Mysql – How to break table into two without losing performance

database-designMySQLnormalizationoptimizationperformance

According to https://stackoverflow.com/a/174047/14731, splitting away infrequently-needed columns frees up the cache allowing faster retrieval of the commonly-used columns.

I've got a table whose columns are always retrieved together, but I'd still like to split them for design reasons (reduce duplication across multiple tables, improve code reuse). For example, I've got different tables that use the same permission scheme. Instead of adding permission columns to each table, I'd like to use a foreign key to reference a separate permission-scheme table.

I've populated MySQL with 1 million rows, ran queries against both versions, and discovered that the version with a JOIN is ~3x slower (0.9 seconds vs 2.9 seconds).

Here are my tables:

original
(
    id BIGINT NOT NULL,
    first BIGINT NOT NULL,
    second BIGINT NOT NULL,
    third BIGINT NOT NULL
);
part1
(
    id BIGINT NOT NULL,
    first BIGINT NOT NULL,
    second BIGINT NOT NULL,
    PRIMARY KEY(id)
);
part2
(
    link BIGINT NOT NULL,
    third BIGINT NOT NULL,
    FOREIGN KEY (link) REFERENCES part1(id)
);

Here are my queries:

SELECT first, second, third FROM original;
SELECT part1.first, part1.second, part2.third FROM part1, part2 WHERE part2.link = part1.id;

Is there any way to reduce the performance overhead of the split design?


If you want to reproduce this test on your side, you can use the following Java application to generate the SQL script to populate the database:

import java.io.FileNotFoundException;
import java.io.PrintWriter;

public class Main
{
    public static void main(String[] args) throws FileNotFoundException
    {
        final int COUNT = 1_000_000;
        try (PrintWriter out = new PrintWriter("/import.sql"))
        {
            for (int i = 0; i < COUNT; ++i)
                out.println("INSERT INTO original VALUES (" + i + ", " + i + ", 0);");
            out.println("INSERT INTO original VALUES (" + (COUNT - 2) + ", " + (COUNT - 1) +
                ", 1);");
            out.println();
            for (int i = 0; i < COUNT; ++i)
            {
                out.println("INSERT INTO part1 (first, second) VALUES (" + i + ", " + i + ");");
                out.println("INSERT INTO part2 VALUES (LAST_INSERT_ID(), 0);");
            }
            out.println("INSERT INTO part1 (first, second) VALUES (" + (COUNT - 2) + ", " +
                (COUNT - 1) + ");");
            out.println("INSERT INTO part2 VALUES (LAST_INSERT_ID(), 1);");
            out.println();
        }
    }
}

Best Answer

This is exactly the reason for using normalization to a limited extent, and after performance testing. Normalization comes at cost of joins (sorting). The main purpose of DWH on 5NF is to store data safely, not to retrieve it quickly.
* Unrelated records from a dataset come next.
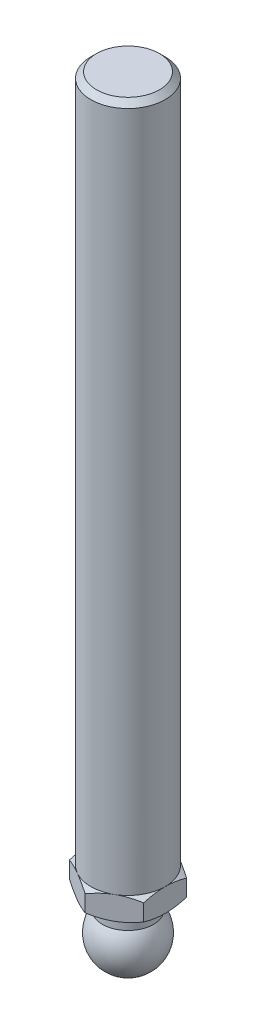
ISO-10303-21;
HEADER;
FILE_DESCRIPTION(('STEP AP214'),'2;1');
FILE_NAME('part.step','',(''),(''),'','','');
FILE_SCHEMA(('AUTOMOTIVE_DESIGN { 1 0 10303 214 1 1 1 1 }'));
ENDSEC;
DATA;
#1=APPLICATION_CONTEXT('core data for automotive mechanical design processes');
#2=APPLICATION_PROTOCOL_DEFINITION('international standard','automotive_design',2000,#1);
#3=PRODUCT_CONTEXT('',#1,'mechanical');
#4=PRODUCT('Part','Part','',(#3));
#5=PRODUCT_RELATED_PRODUCT_CATEGORY('part','',(#4));
#6=PRODUCT_DEFINITION_FORMATION('','',#4);
#7=PRODUCT_DEFINITION_CONTEXT('part definition',#1,'design');
#8=PRODUCT_DEFINITION('design','',#6,#7);
#9=PRODUCT_DEFINITION_SHAPE('','',#8);
#10=(LENGTH_UNIT() NAMED_UNIT(*) SI_UNIT(.MILLI.,.METRE.));
#11=(NAMED_UNIT(*) PLANE_ANGLE_UNIT() SI_UNIT($,.RADIAN.));
#12=(NAMED_UNIT(*) SI_UNIT($,.STERADIAN.) SOLID_ANGLE_UNIT());
#13=UNCERTAINTY_MEASURE_WITH_UNIT(LENGTH_MEASURE(1.E-05),#10,'distance_accuracy_value','');
#14=(GEOMETRIC_REPRESENTATION_CONTEXT(3) GLOBAL_UNCERTAINTY_ASSIGNED_CONTEXT((#13)) GLOBAL_UNIT_ASSIGNED_CONTEXT((#10,
#11,#12)) REPRESENTATION_CONTEXT('',''));
#15=CARTESIAN_POINT('',(0.,0.,0.));
#16=DIRECTION('',(0.,0.,1.));
#17=DIRECTION('',(1.,0.,0.));
#18=AXIS2_PLACEMENT_3D('',#15,#16,#17);
#19=CARTESIAN_POINT('',(0.,19.5,0.));
#20=DIRECTION('',(0.,-1.,0.));
#21=DIRECTION('',(0.,0.,-1.));
#22=AXIS2_PLACEMENT_3D('',#19,#20,#21);
#23=CONICAL_SURFACE('',#22,8.,1.0471975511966);
#24=CARTESIAN_POINT('',(-8.,14.714451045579,14.1889203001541));
#25=CARTESIAN_POINT('',(-8.,14.8842783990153,13.851186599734));
#26=CARTESIAN_POINT('',(-8.,15.0529801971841,13.5128811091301));
#27=CARTESIAN_POINT('',(-8.,15.3875863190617,12.8348638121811));
#28=CARTESIAN_POINT('',(-8.,15.553490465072,12.4951519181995));
#29=CARTESIAN_POINT('',(-8.,15.8822522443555,11.8134403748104));
#30=CARTESIAN_POINT('',(-8.,16.0451033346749,11.4714375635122));
#31=CARTESIAN_POINT('',(-8.,16.3666666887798,10.7854960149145));
#32=CARTESIAN_POINT('',(-8.,16.5253790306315,10.4415573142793));
#33=CARTESIAN_POINT('',(-8.,16.8449502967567,9.73535271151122));
#34=CARTESIAN_POINT('',(-8.,17.0055671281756,9.37297690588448));
#35=CARTESIAN_POINT('',(-8.,17.3197730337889,8.64516064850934));
#36=CARTESIAN_POINT('',(-8.,17.4733617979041,8.27972006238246));
#37=CARTESIAN_POINT('',(-8.,17.7714937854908,7.54540420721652));
#38=CARTESIAN_POINT('',(-8.,17.9160424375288,7.1765311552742));
#39=CARTESIAN_POINT('',(-8.,18.1936308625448,6.43449862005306));
#40=CARTESIAN_POINT('',(-8.,18.3266718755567,6.06133960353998));
#41=CARTESIAN_POINT('',(-8.,18.605819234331,5.22677195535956));
#42=CARTESIAN_POINT('',(-8.,18.7482891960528,4.76412920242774));
#43=CARTESIAN_POINT('',(-8.,19.0033463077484,3.83044032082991));
#44=CARTESIAN_POINT('',(-8.,19.115935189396,3.3593946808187));
#45=CARTESIAN_POINT('',(-8.,19.2546281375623,2.651184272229));
#46=CARTESIAN_POINT('',(-8.,19.2955954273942,2.41690742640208));
#47=CARTESIAN_POINT('',(-8.,19.3670123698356,1.94676929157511));
#48=CARTESIAN_POINT('',(-8.,19.3974635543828,1.71090823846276));
#49=CARTESIAN_POINT('',(-8.,19.4469446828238,1.23805721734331));
#50=CARTESIAN_POINT('',(-8.,19.4659782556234,1.0010676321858));
#51=CARTESIAN_POINT('',(-8.,19.4920206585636,0.526423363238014));
#52=CARTESIAN_POINT('',(-8.,19.499029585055,0.288768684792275));
#53=CARTESIAN_POINT('',(-8.,19.5007883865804,-0.188309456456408));
#54=CARTESIAN_POINT('',(-8.,19.4954490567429,-0.427733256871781));
#55=CARTESIAN_POINT('',(-8.,19.4725128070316,-0.905988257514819));
#56=CARTESIAN_POINT('',(-8.,19.4549157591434,-1.14481945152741));
#57=CARTESIAN_POINT('',(-8.,19.4080408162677,-1.62141631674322));
#58=CARTESIAN_POINT('',(-8.,19.3787584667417,-1.85918154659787));
#59=CARTESIAN_POINT('',(-8.,19.3094074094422,-2.33311174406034));
#60=CARTESIAN_POINT('',(-8.,19.2693385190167,-2.56927668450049));
#61=CARTESIAN_POINT('',(-8.,19.1329562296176,-3.28330816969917));
#62=CARTESIAN_POINT('',(-8.,19.0213579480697,-3.75830022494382));
#63=CARTESIAN_POINT('',(-8.,18.830875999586,-4.46428489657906));
#64=CARTESIAN_POINT('',(-8.,18.7635265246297,-4.69855285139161));
#65=CARTESIAN_POINT('',(-8.,18.6221775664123,-5.16507806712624));
#66=CARTESIAN_POINT('',(-8.,18.5481783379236,-5.39733540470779));
#67=CARTESIAN_POINT('',(-8.,18.3456232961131,-6.00705809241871));
#68=CARTESIAN_POINT('',(-8.,18.2123002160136,-6.38293491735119));
#69=CARTESIAN_POINT('',(-8.,17.9338794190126,-7.13030495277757));
#70=CARTESIAN_POINT('',(-8.,17.7887803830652,-7.50179766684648));
#71=CARTESIAN_POINT('',(-8.,17.4893388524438,-8.24128843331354));
#72=CARTESIAN_POINT('',(-8.,17.3349906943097,-8.60928418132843));
#73=CARTESIAN_POINT('',(-8.,17.0191219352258,-9.34215095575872));
#74=CARTESIAN_POINT('',(-8.,16.8576016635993,-9.70702212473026));
#75=CARTESIAN_POINT('',(-8.,16.5362228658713,-10.4179250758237));
#76=CARTESIAN_POINT('',(-8.,16.3766130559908,-10.7640696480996));
#77=CARTESIAN_POINT('',(-8.,16.0531867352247,-11.4543922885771));
#78=CARTESIAN_POINT('',(-8.,15.8893701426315,-11.798570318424));
#79=CARTESIAN_POINT('',(-8.,15.558638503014,-12.4845836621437));
#80=CARTESIAN_POINT('',(-8.,15.3917303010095,-12.8264222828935));
#81=CARTESIAN_POINT('',(-8.,15.0550779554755,-13.5086735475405));
#82=CARTESIAN_POINT('',(-8.,14.8853339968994,-13.8490862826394));
#83=CARTESIAN_POINT('',(-8.,14.714451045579,-14.1889203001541));
#84=B_SPLINE_CURVE_WITH_KNOTS('',3,(#24,#25,#26,#27,#28,#29,#30,#31,#32,#33,#34,#35,#36,#37,#38,
#39,#40,#41,#42,#43,#44,#45,#46,#47,#48,#49,#50,#51,#52,#53,#54,#55,#56,#57,#58,#59,#60,#61,#62,
#63,#64,#65,#66,#67,#68,#69,#70,#71,#72,#73,#74,#75,#76,#77,#78,#79,#80,#81,#82,#83),
.UNSPECIFIED.,.F.,.F.,(4,2,2,2,2,2,2,2,2,2,2,2,2,2,2,2,2,2,2,2,2,2,2,2,2,2,2,2,2,4),(0.,
1.13409047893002,2.26825272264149,3.40461779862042,4.5409614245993,5.73003075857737,
6.91915250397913,8.10755318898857,9.29582565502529,10.7473798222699,12.1988498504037,
12.9121466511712,13.6253394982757,14.3383055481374,15.0512658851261,15.7693927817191,
16.487527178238,17.2059355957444,17.9243561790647,19.38648697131,20.1177019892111,
20.8488890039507,22.0450800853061,23.2414053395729,24.4384707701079,25.6354812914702,
26.7789606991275,27.9224623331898,29.063679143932,30.2048218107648),.UNSPECIFIED.);
#85=CARTESIAN_POINT('',(-8.,18.7854688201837,4.61880215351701));
#86=VERTEX_POINT('',#85);
#87=CARTESIAN_POINT('',(-8.,19.5,0.));
#88=VERTEX_POINT('',#87);
#89=EDGE_CURVE('E310',#86,#88,#84,.T.);
#90=ORIENTED_EDGE('',*,*,#89,.F.);
#91=CARTESIAN_POINT('',(0.0002,18.7854021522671,9.23771977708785));
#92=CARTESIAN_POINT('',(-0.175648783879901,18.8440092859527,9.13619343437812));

Alternative 1 There is a concept of Materialized View: a view that saved on hard drive. MySQL does not provide it out of the box, but this article - Materialized views with MySQL - explains how this functionality can be recreated with a SP updating/refreshing a table.

A Materialized View (MV) is the pre-calculated (materialized) result of a query. Unlike a simple VIEW the result of a Materialized View is stored somewhere, generally in a table. Materialized Views are used when immediate response is needed and the query where the Materialized View bases on would take to long to produce a result. Materialized Views have to be refreshed once in a while. It depends on the requirements how often a Materialized View is refreshed and how actual its content is. Basically a Materialized View can be refreshed immediately or deferred, it can be refreshed fully or to a certain point in time. MySQL does not provide Materialized Views by itself.

Alternative 2 You can try to achieve your design by doing things other way round. Instead of splitting main table, create 2-3 views or tables that come from the main one. This way you'll have normalized tables for star schema with distinct values and also you'll keep the main fast table.

Performance tuning is always about the trade off between CPU (time), RAM, and IO (throughput or space). In this case it is between CPU and IO.